▶ **Exercise requirements**
The answer must be a single number: the count of lines in the data below that hold the word "blind".

[Dataset items]
-*-*-
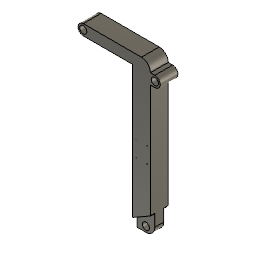
upper_leg (Autodesk Fusion 360 design; units mm, degrees)
part number: 2025-10-29-16-17-56-487
Autodesk Fusion 360 part; units mm, degrees
sketch "Sketch1" plane through (0, 0, 0) normal (0, 1, 0) x (1, 0, 0)
  line L0 (0, 0) -> (12.7, 0)
  line L1 (25.4, -12.7) -> (25.4, -218.44)
  line L2 (25.4, -218.44) -> (0, -218.44)
  line L3 (0, -218.44) -> (0, 0)
  line L4 (0, -218.44) -> (-77.47, -218.44)
  line L5 (-77.47, -218.44) -> (-77.47, -203.2)
  line L6 (-77.47, -203.2) -> (0, -203.2)
  line L7 (0, -203.2) -> (0, -218.44)
  line L8 (25.4, -205.74) -> (39.37, -205.74)
  line L9 (39.37, -205.74) -> (39.37, -190.5)
  line L10 (39.37, -190.5) -> (25.4, -190.5)
  line L11 (25.4, -190.5) -> (25.4, -205.74)
  circle A0 centre (-69.85, -210.82) radius 5.08
  circle A1 centre (31.75, -198.12) radius 5.08
  circle A2 centre (12.7, -7.62) radius 5.08
  arc A3 (25.4, -12.7) -> (12.7, 0) centre (12.7, -12.7) ccw
  point P0 (25.4, 0)
  dimension "d1" = 25.4
  dimension "d2" = 218.44
  dimension "d3" = 77.47
  dimension "d4" = 15.24
  dimension "d5" = 13.97
  dimension "d6" = 15.24
  dimension "d7" = 10.16
  dimension "d8" = 10.16
  dimension "d9" = 10.16
  dimension "d10" = 12.7
  dimension "d11" = 7.62
  dimension "d12" = 190.5
  dimension "d13" = 7.62
  dimension "d14" = 7.62
  dimension "d15" = 7.62
  dimension "d16" = 7.62
  dimension "d17" = 12.7
  constraint horizontal L0
  constraint vertical L1
  constraint horizontal L2
  constraint vertical L3
  constraint coincident L0.start L3.end
  constraint horizontal L4
  constraint vertical L5
  constraint horizontal L6
  constraint vertical L7
  constraint horizontal L8
  constraint vertical L9
  constraint horizontal L10
  constraint vertical L11
  constraint coincident L1 L8.start
  constraint coincident P0 L0
  constraint coincident P0 L1
  constraint tangent L0 A3
  constraint tangent L1 A3
  measures "d1" distance of L0.start P0
  measures "d2" distance of L0.start L2.end
  measures "d3" distance of L2.end L4.end
  measures "d4" distance of L2.end L6.end
  measures "d5" distance of L8.start L8.end
  measures "d6" distance of L8.start L10.end
  measures "d7" diameter of A0
  measures "d8" diameter of A1
  measures "d9" diameter of A2
  measures "d10" distance of L1 A2.centre
  measures "d11" distance of L0 A2.centre
  measures "d12" vertical distance of A1.centre A2.centre
  measures "d13" distance of L9 A1.centre
  measures "d14" distance of L8 A1.centre
  measures "d15" distance of L5 A0.centre
  measures "d16" distance of L4 A0.centre
  measures "d17" radius of A3
extrude "Extrude1" add sketch "Sketch1" along normal blind 25.4
sketch "Sketch2" plane through (0, 0, 0) normal (0, -1, 0) x (1, 0, 0)
  circle A0 centre (-69.85, 210.82) radius 5.08
  circle A1 centre (31.75, 198.12) radius 5.08
  circle A2 centre (12.7, 7.62) radius 5.08
  line L0 (39.37, 205.74) -> (25.4, 205.74)
  line L1 (25.4, 205.74) -> (25.4, 218.44)
  line L2 (25.4, 218.44) -> (-77.47, 218.44)
  line L3 (-77.47, 218.44) -> (-77.47, 203.2)
  line L4 (-77.47, 203.2) -> (0, 203.2)
  line L5 (0, 203.2) -> (0, 0)
  line L6 (0, 0) -> (12.7, 0)
  arc A3 (12.7, 0) -> (25.4, 12.7) centre (12.7, 12.7) ccw
  line L7 (25.4, 12.7) -> (25.4, 190.5)
  line L8 (25.4, 190.5) -> (39.37, 190.5)
  line L9 (39.37, 190.5) -> (39.37, 205.74)
  line L10 (0, 0) -> (0, 20.32)
  line L11 (25.4, 20.32) -> (0, 20.32)
  line L12 (25.4, 20.32) -> (25.4, 12.7)
  line L13 (0, 0) -> (12.7, 0)
  arc A4 (12.7, 0) -> (25.4, 12.7) centre (12.7, 12.7) ccw
  constraint coincident L5.end L6.start
  constraint coincident L5 L10.end
  constraint coincident L7 L11.start
  constraint perpendicular L5 L11
  constraint coincident A3.end L7.start
  constraint coincident L6.end A3.start
  constraint tangent L6 A4
extrude "Extrude2" cut sketch "Sketch2" against normal blind 6.3576 contours L5 L6 A3 L7 L10 L11 L12 L13 A4
sketch "Sketch3" plane through (0, 25.4, 0) normal (0, 1, 0) x (-1, 0, 0)
  circle A0 centre (69.85, 210.82) radius 5.08
  circle A1 centre (-31.75, 198.12) radius 5.08
  circle A2 centre (-12.7, 7.62) radius 5.08
  line L0 (-25.4, 205.74) -> (-39.37, 205.74)
  line L1 (-39.37, 205.74) -> (-39.37, 190.5)
  line L2 (-39.37, 190.5) -> (-25.4, 190.5)
  line L3 (-25.4, 190.5) -> (-25.4, 12.7)
  arc A3 (-25.4, 12.7) -> (-12.7, 0) centre (-12.7, 12.7) ccw
  line L4 (-12.7, 0) -> (0, 0)
  line L5 (0, 0) -> (0, 203.2)
  line L6 (0, 203.2) -> (77.47, 203.2)
  line L7 (77.47, 203.2) -> (77.47, 218.44)
  line L8 (77.47, 218.44) -> (-25.4, 218.44)
  line L9 (-25.4, 218.44) -> (-25.4, 205.74)
  line L10 (0, 0) -> (0, 20.32)
  line L11 (-25.4, 20.32) -> (0, 20.32)
  line L12 (0, 0) -> (-12.7, 0)
  line L13 (-25.4, 20.32) -> (-25.4, 12.7)
  arc A4 (-25.4, 12.7) -> (-12.7, 0) centre (-12.7, 12.7) ccw
  constraint coincident L4.end L5.start
  constraint coincident L5 L10.end
  constraint coincident L3 L11.start
  constraint perpendicular L5 L11
  constraint coincident A3.end L4.start
  constraint coincident L3.end A3.start
  constraint tangent L3 A4
extrude "Extrude3" cut sketch "Sketch3" against normal blind 6.3576 contours L3 A3 L4 L5 L10 L11 L12 L13 A4
extrude "Extrude4" add 1 faces at (16.9333, 2.1192, 20.32) along direction (0, 0, -1) blind 5.5118
sketch "Sketch4" plane through (0, 0, 0) normal (0, -1, 0) x (1, 0, 0)
  line L0 (25.4, 14.8082) -> (25.4, 190.5)
  line L1 (25.4, 190.5) -> (39.37, 190.5)
  line L2 (39.37, 190.5) -> (39.37, 205.74)
  line L3 (39.37, 205.74) -> (25.4, 205.74)
  line L4 (25.4, 205.74) -> (25.4, 218.44)
  line L5 (25.4, 218.44) -> (-77.47, 218.44)
  line L6 (-77.47, 218.44) -> (-77.47, 203.2)
  line L7 (-77.47, 203.2) -> (0, 203.2)
  line L8 (0, 203.2) -> (0, 14.8082)
  line L9 (0, 14.8082) -> (25.4, 14.8082)
  circle A0 centre (-69.85, 210.82) radius 5.08
  circle A1 centre (31.75, 198.12) radius 5.08
  line L10 (0, 14.8082) -> (25.4, 29.4729)
  line L11 (25.4, 29.4729) -> (0, 29.4729)
  line L12 (0, 14.8082) -> (0, 29.4729)
  dimension "d26" = 60
  constraint coincident L8.end L9.start
  constraint coincident L0 L10.end
  constraint coincident L8 L11.end
  constraint perpendicular L8 L11
  measures "d26" angle of L10 L12
extrude "Extrude5" cut sketch "Sketch4" against normal blind 6.3576 contours L0 L9 L10
extrude "Extrude6" add 1 faces at (16.9333, 23.2808, 20.32) along direction (0, 0, -1) blind 5.5118
sketch "Sketch6" plane through (0, 25.4, 0) normal (0, 1, 0) x (-1, 0, 0)
  line L0 (0, 14.8082) -> (0, 203.2)
  line L1 (0, 203.2) -> (77.47, 203.2)
  line L2 (77.47, 203.2) -> (77.47, 218.44)
  line L3 (77.47, 218.44) -> (-25.4, 218.44)
  line L4 (-25.4, 218.44) -> (-25.4, 205.74)
  line L5 (-25.4, 205.74) -> (-39.37, 205.74)
  line L6 (-39.37, 205.74) -> (-39.37, 190.5)
  line L7 (-39.37, 190.5) -> (-25.4, 190.5)
  line L8 (-25.4, 190.5) -> (-25.4, 14.8082)
  line L9 (-25.4, 14.8082) -> (0, 14.8082)
  circle A0 centre (69.85, 210.82) radius 5.08
  circle A1 centre (-31.75, 198.12) radius 5.08
  line L10 (0, 14.8082) -> (-25.4, 29.4729)
  line L11 (-25.4, 29.4729) -> (0, 29.4729)
  line L12 (0, 14.8082) -> (0, 29.4729)
  dimension "d35" = 60
  constraint coincident L0.start L9.end
  constraint coincident L8 L10.end
  constraint coincident L0 L11.end
  constraint perpendicular L0 L11
  measures "d35" angle of L10 L12
extrude "Extrude8" cut sketch "Sketch6" against normal blind 6.3576 contours L8 L9 L10
extrude "Extrude9" cut 2 faces at (16.9333, 4.2384, 24.5847) (16.9333, 21.1616, 24.5847) along direction (-0.5, 0, 0.866025) blind 0.254
fillet "Fillet1" radius 7.62 2 edges at (39.37, 12.7, 205.74) (39.37, 12.7, 190.5)
fillet "Fillet2" radius 7.62 2 edges at (-77.47, 12.7, 218.44) (-77.47, 12.7, 203.2)
fillet "Fillet3" radius 12.7 1 edges at (25.4, 12.7, 218.44)
sketch "Sketch7" plane through (0, 0, 0) normal (0, -1, 0) x (1, 0, 0)
  circle A0 centre (-69.85, 210.82) radius 5.08
  circle A1 centre (31.75, 198.12) radius 5.08
  arc A2 (25.4, 205.74) -> (12.7, 218.44) centre (12.7, 205.74) ccw
  line L0 (12.7, 218.44) -> (-69.85, 218.44)
  arc A3 (-69.85, 218.44) -> (-69.85, 203.2) centre (-69.85, 210.82) ccw
  line L1 (-69.85, 203.2) -> (0, 203.2)
  line L2 (0, 203.2) -> (0, 15.1015)
  line L3 (0, 15.1015) -> (25.273, 29.6929)
  line L4 (25.273, 29.6929) -> (25.4, 29.4729)
  line L5 (25.4, 29.4729) -> (25.4, 190.5)
  line L6 (25.4, 190.5) -> (31.75, 190.5)
  arc A4 (31.75, 190.5) -> (31.75, 205.74) centre (31.75, 198.12) ccw
  line L7 (31.75, 205.74) -> (25.4, 205.74)
  circle A5 centre (5.08, 91.3015) radius 0.3969
  circle A6 centre (20.7518, 91.3015) radius 0.3969
  circle A7 centre (5.08, 113.5265) radius 0.3969
  circle A8 centre (20.7518, 113.5265) radius 0.3969
  dimension "d46" = 0.7937
  dimension "d47" = 0.7937
  dimension "d48" = 0.7937
  dimension "d49" = 0.7937
  dimension "d50" = 15.6718
  dimension "d51" = 15.6718
  dimension "d52" = 22.225
  dimension "d53" = 5.08
  dimension "d54" = 76.2
  measures "d46" diameter of A5
  measures "d47" diameter of A6
  measures "d48" diameter of A7
  measures "d49" diameter of A8
  measures "d50" distance of A5.centre A6.centre
  measures "d51" distance of A7.centre A8.centre
  measures "d52" distance of A5.centre A7.centre
  measures "d53" distance of L2 A5.centre
  measures "d54" vertical distance of L2.end A5.centre
hole "Hole1" at (5.08, 0, 113.5265) at (5.08, 0, 91.3015) at (20.7518, 0, 91.3015) at (20.7518, 0, 113.5265) direction (0, 1, 0) diameter 0.7937 depth 33.02 tip angle 118
-*-*-
▶ **Reply**
8